Work item: Find the line holding "constraints: 8 end" in the entries below. Give it again exactly, along with every line after it up to and including the line holding "of L3.end L4.end".

[Stored items]
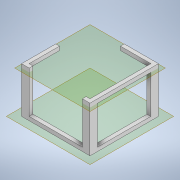
# Autodesk Inventor part: mousecap
Saved by Autodesk Inventor 2022 (Build 260153000, 153)
## iProperties
Created: 2022-02-16
Part Number: mousecap
Material: Generic
Document SubType Name: Modeling
Designer: Cornell
Density: 1 g/cm^3
Appearance: Default
Author: Cornell
Autodesk Inventor part; units mm, degrees
ref_plane "YZ Plane" through (0, 0, 0) normal (1, 0, 0) x (0, 1, 0)
ref_plane "XZ Plane" through (0, 0, 0) normal (0, 1, 0) x (-1, 0, 0)
ref_plane "XY Plane" through (0, 0, 0) normal (0, 0, 1) x (1, 0, 0)
sketch "Sketch1" plane through (0, 0, 0) normal (0, 1, 0) x (-1, 0, 0)
  line L0 (-9, -9) -> (-9, 9)
  line L1 (-9, 9) -> (9, 9)
  line L2 (-8, -8) -> (-8, 8)
  line L3 (-8, 8) -> (8, 8)
  line L4 (0, -8) -> (0, -9)
  line L5 (0, -9) -> (-1, -9)
  line L6 (-8, -8) -> (0, -8)
  line L7 (-9, -9) -> (0, -9)
  line L8 (9, 0) -> (9, 9)
  line L9 (8, 8) -> (8, 1)
  line L10 (9, 0) -> (8, 0)
  line L11 (8, 0) -> (8, 1.1953)
  line L12 (8, 8) -> (8, 9)
  line L13 (-8, 8) -> (-8, 9)
  line L14 (9, 9) -> (8, 9)
  line L15 (-8, 9) -> (-9, 9)
  line L16 (8, 8) -> (7, 8)
  line L17 (7, 8) -> (7, 9)
  line L18 (-8, 8) -> (-7, 8)
  line L19 (-7, 9) -> (-8, 9)
  line L20 (-8, 8) -> (-7, 8)
  line L21 (-7, 8) -> (-7, 9)
  point P0 (0, 0)
  point P1 (0, 11.1675)
  dimension "d4" = 18
  dimension "d5" = 18
  dimension "d10" = 16
  dimension "d11" = 16
  dimension "d33" = 1
  dimension "d62" = 1
  dimension "d63" = 1
  constraints: 44 end point, 8 point on line, 5 perpendicular, 4 collinear, 2 horizontal, 1 vertical
  measures "d4" distance of L0.start L0.end
  measures "d5" distance of L0.end L1.end
  measures "d10" distance of L2.start L2.end
  measures "d11" distance of L2.end L3.end
  measures "d33" distance of L4.end L5.end
  measures "d62" distance of L3.end L16.end
  measures "d63" distance of L2.end L18.end
extrude "Extrusion1" add sketch "Sketch1" against normal blind 1 contours L0 L1 L13 L2 L6 L4 L5 L7 | L1 L21 L3 L13 | L1 L12 L3 L17 | L1 L8 L10 L11 L9 L12
ref_plane "Work Plane1" through (0, -12, 0) normal (0, -1, 0) x (1, 0, 0)
ref_plane "Work Plane6" through (0, -1, 0) normal (0, -1, 0) x (1, 0, 0)
sketch "Sketch11" plane through (0, -1, 0) normal (0, -1, 0) x (1, 0, 0)
  line L0 (9, 9) -> (-9, 9) projected
  line L1 (-9, 9) -> (-9, 7)
  line L2 (-9, 0) -> (-9, 9) projected
  line L3 (-8, 0) -> (-8, 8) projected
  line L4 (-8, 8) -> (8, 8) projected
  line L5 (-8, 7) -> (-8, 8)
  line L6 (-8, 8) -> (-7, 8)
  line L7 (-7, 8) -> (-7, 9)
  line L8 (-7, 9) -> (-9, 9)
  line L9 (-9, 7) -> (-8, 7)
  line L10 (9, -9) -> (9, 9) projected
  line L11 (9, 9) -> (7, 9)
  line L12 (7, 9) -> (7, 8)
  line L13 (7, 8) -> (8, 8)
  line L14 (8, 8) -> (8, 7)
  line L15 (8, 8) -> (8, -8) projected
  line L16 (9, 7) -> (9, 9)
  line L17 (8, 7) -> (9, 7)
  line L18 (8, -7.9765) -> (8, -6.9765)
  line L19 (8, -6.9765) -> (9, -6.9765)
  line L20 (9, -9) -> (7, -9)
  line L21 (0, -9) -> (9, -9) projected
  line L22 (8, -8) -> (0, -8) projected
  line L23 (7, -8) -> (8, -8)
  line L24 (8, -8) -> (7, -8)
  line L25 (7, -9) -> (7, -8)
  point P0 (0, 0)
  dimension "d54" = 2
  dimension "d55" = 1
  dimension "d56" = 2
  dimension "d57" = 1
  constraints: 36 end point, 14 point on line, 8 perpendicular, 2 collinear, 1 parallel
  measures "d54" distance of L0.end L1.end
  measures "d55" distance of L3.end L6.end
  measures "d56" distance of L0.start L11.end
  measures "d57" distance of L18.start L18.end
extrude "Extrusion5" add sketch "Sketch11" along normal blind 10 contours L10 L17 L14 L4 L12 L0 | L7 L4 L3 L9 L1 L0 | L10 L20 L25 L22 L15 L19
sketch "Sketch12" plane through (0, -12, 0) normal (0, -1, 0) x (1, 0, 0)
  line L0 (9, 9) -> (9, -9) projected
  line L1 (9, 9) -> (9, -9)
  line L2 (9, -9) -> (7.0041, -9)
  line L3 (9, -9) -> (0, -9) projected
  line L4 (7, -8) -> (7, -9) projected
  line L5 (7, -8) -> (8, -8)
  line L6 (8, -8) -> (8, 8) projected
  line L7 (8, -8) -> (8, 8)
  line L8 (8, 8) -> (-8, 8) projected
  line L9 (8, 8) -> (-8, 8)
  line L10 (-8, 8) -> (-8, 7.0773)
  line L11 (-8, 8) -> (-8, 0) projected
  line L12 (-8, 7) -> (-9, 7) projected
  line L13 (-9, 0) -> (-9, 9) projected
  line L14 (-9, 7) -> (-9, 9)
  line L15 (-9, 9) -> (9, 9) projected
  line L16 (-9, 9) -> (9, 9)
  point P0 (0, 0)
  constraints: 16 end point, 3 collinear, 2 point on line, 1 horizontal, 1 perpendicular, 1 vertical
extrude "Extrusion6" add sketch "Sketch12" against normal blind 1
body "Solid1"
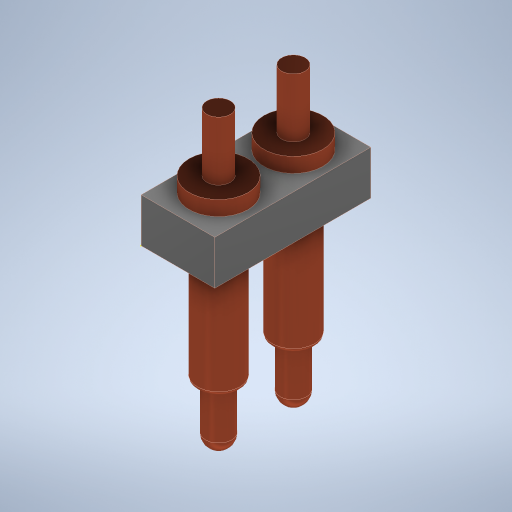
# Autodesk Inventor part: Pogo_Pin
Saved by Autodesk Inventor 2024 (Build 280153000, 153)
## iProperties
Created: 2023-11-13
Part Number: Pogo_Pin
Material: 铜
Document SubType Name: Modeling
Designer: lunima
Density: 8.94 g/cm^3
Appearance: 铜 - 缎光
Author: lunima
Autodesk Inventor part; units mm, degrees
ref_plane "YZ Plane" through (0, 0, 0) normal (1, 0, 0) x (0, 1, 0)
ref_plane "XZ Plane" through (0, 0, 0) normal (0, 1, 0) x (-1, 0, 0)
ref_plane "XY Plane" through (0, 0, 0) normal (0, 0, 1) x (1, 0, 0)
sketch "草图1" plane through (0, 0, 0) normal (0, 1, 0) x (-1, 0, 0)
  point P0 (0, 0)
sketch "草图2" plane through (0, 0, 0) normal (0, 1, 0) x (-1, 0, 0)
  line L0 (0, 0) -> (-2.5, 0)
  line L1 (-2.5, 0) -> (-2.5, -5.3)
  line L2 (-2.5, -5.3) -> (0, -5.3)
  line L3 (0, -5.3) -> (0, 0)
  dimension "d0" = 2.5
  dimension "d1" = 5.3
  constraints: 8 end point, 2 parallel, 1 horizontal, 1 perpendicular
  measures "d0" distance of L2.end L1.end
  measures "d1" distance of L1.end L0.end
extrude "拉伸1" add sketch "草图2" along normal blind 1.5
sketch "草图3" plane through (0, 1.5, 0) normal (0, 1, 0) x (1, 0, 0)
  line L0 (2.5, 5.3) -> (0, 5.3) projected
  line L1 (1.25, 5.3) -> (1.25, 0)
  line L2 (0, 5.3) -> (0, 0) projected
  line L3 (1.25, 2.65) -> (1.25, 3.92)
  line L4 (1.25, 3.92) -> (1.25, 1.38)
  circle A0 centre (1.25, 3.92) radius 1
  circle A1 centre (1.25, 1.38) radius 1
  dimension "d4" = 1.27
  dimension "d5" = 2.54
  dimension "d6" = 2
  dimension "d7" = 2
  constraints: 6 end point, 2 centre point, 2 coincident, 2 midpoint, 2 point on line, 1 parallel
  measures "d4" distance of L3.start L3.end
  measures "d5" distance of L3.end L4.end
  measures "d6" diameter of A0
  measures "d7" diameter of A1
extrude "拉伸2" add sketch "草图3" along normal blind 0.5
sketch "草图4" plane through (1.25, 2, -1.38) normal (0, 1, 0) x (1, 0, 0)
  circle A0 centre (0, 0) radius 0.4
  circle A1 centre (0, 2.54) radius 1 projected
  circle A2 centre (0, 2.54) radius 0.4
  point P0 (-1.25, -1.38)
  dimension "d10" = 0.8
  dimension "d11" = 0.8
  constraints: 2 centre point, 1 coincident
  measures "d10" diameter of A0
  measures "d11" diameter of A2
extrude "拉伸3" add sketch "草图4" along normal blind 2 contours A0 | A2
sketch "草图5" plane through (0, 0, 0) normal (0, -1, 0) x (1, 0, 0)
  circle A0 centre (1.25, -3.92) radius 0.4 projected
  circle A1 centre (1.25, -3.92) radius 0.725
  circle A2 centre (1.25, -1.38) radius 0.4 projected
  circle A3 centre (1.25, -1.38) radius 0.725
  point P0 (0, 0)
  dimension "d14" = 1.45
  dimension "d15" = 1.45
  constraints: 2 centre point, 2 coincident
  measures "d14" diameter of A1
  measures "d15" diameter of A3
extrude "拉伸4" add sketch "草图5" along normal blind 4 contours A0 | A1 | A2 | A3
sketch "草图6" plane through (1.25, -4, -1.38) normal (0, -1, 0) x (1, 0, 0)
  circle A0 centre (0, 0) radius 0.45
  circle A1 centre (0, -2.54) radius 0.725 projected
  circle A2 centre (0, -2.54) radius 0.45
  point P0 (-1.25, 1.38)
  dimension "d18" = 0.9
  dimension "d19" = 0.9
  constraints: 2 centre point, 1 coincident
  measures "d18" diameter of A0
  measures "d19" diameter of A2
extrude "拉伸5" add sketch "草图6" along normal blind 2 contours A0 | A2
fillet "圆角1" radius 0.45 1 edges at (0.8, -6, -3.92)
fillet "圆角2" radius 0.45 1 edges at (0.8, -6, -1.38)
fillet "圆角3" radius 0.15 2 edges at (0.525, -4, -3.92) (0.525, -4, -1.38)

Solution to the exercise:
  constraints: 8 end point, 2 parallel, 1 horizontal, 1 perpendicular
  measures "d0" distance of L2.end L1.end
  measures "d1" distance of L1.end L0.end
extrude "拉伸1" add sketch "草图2" along normal blind 1.5
sketch "草图3" plane through (0, 1.5, 0) normal (0, 1, 0) x (1, 0, 0)
  line L0 (2.5, 5.3) -> (0, 5.3) projected
  line L1 (1.25, 5.3) -> (1.25, 0)
  line L2 (0, 5.3) -> (0, 0) projected
  line L3 (1.25, 2.65) -> (1.25, 3.92)
  line L4 (1.25, 3.92) -> (1.25, 1.38)
  circle A0 centre (1.25, 3.92) radius 1
  circle A1 centre (1.25, 1.38) radius 1
  dimension "d4" = 1.27
  dimension "d5" = 2.54
  dimension "d6" = 2
  dimension "d7" = 2
  constraints: 6 end point, 2 centre point, 2 coincident, 2 midpoint, 2 point on line, 1 parallel
  measures "d4" distance of L3.start L3.end
  measures "d5" distance of L3.end L4.end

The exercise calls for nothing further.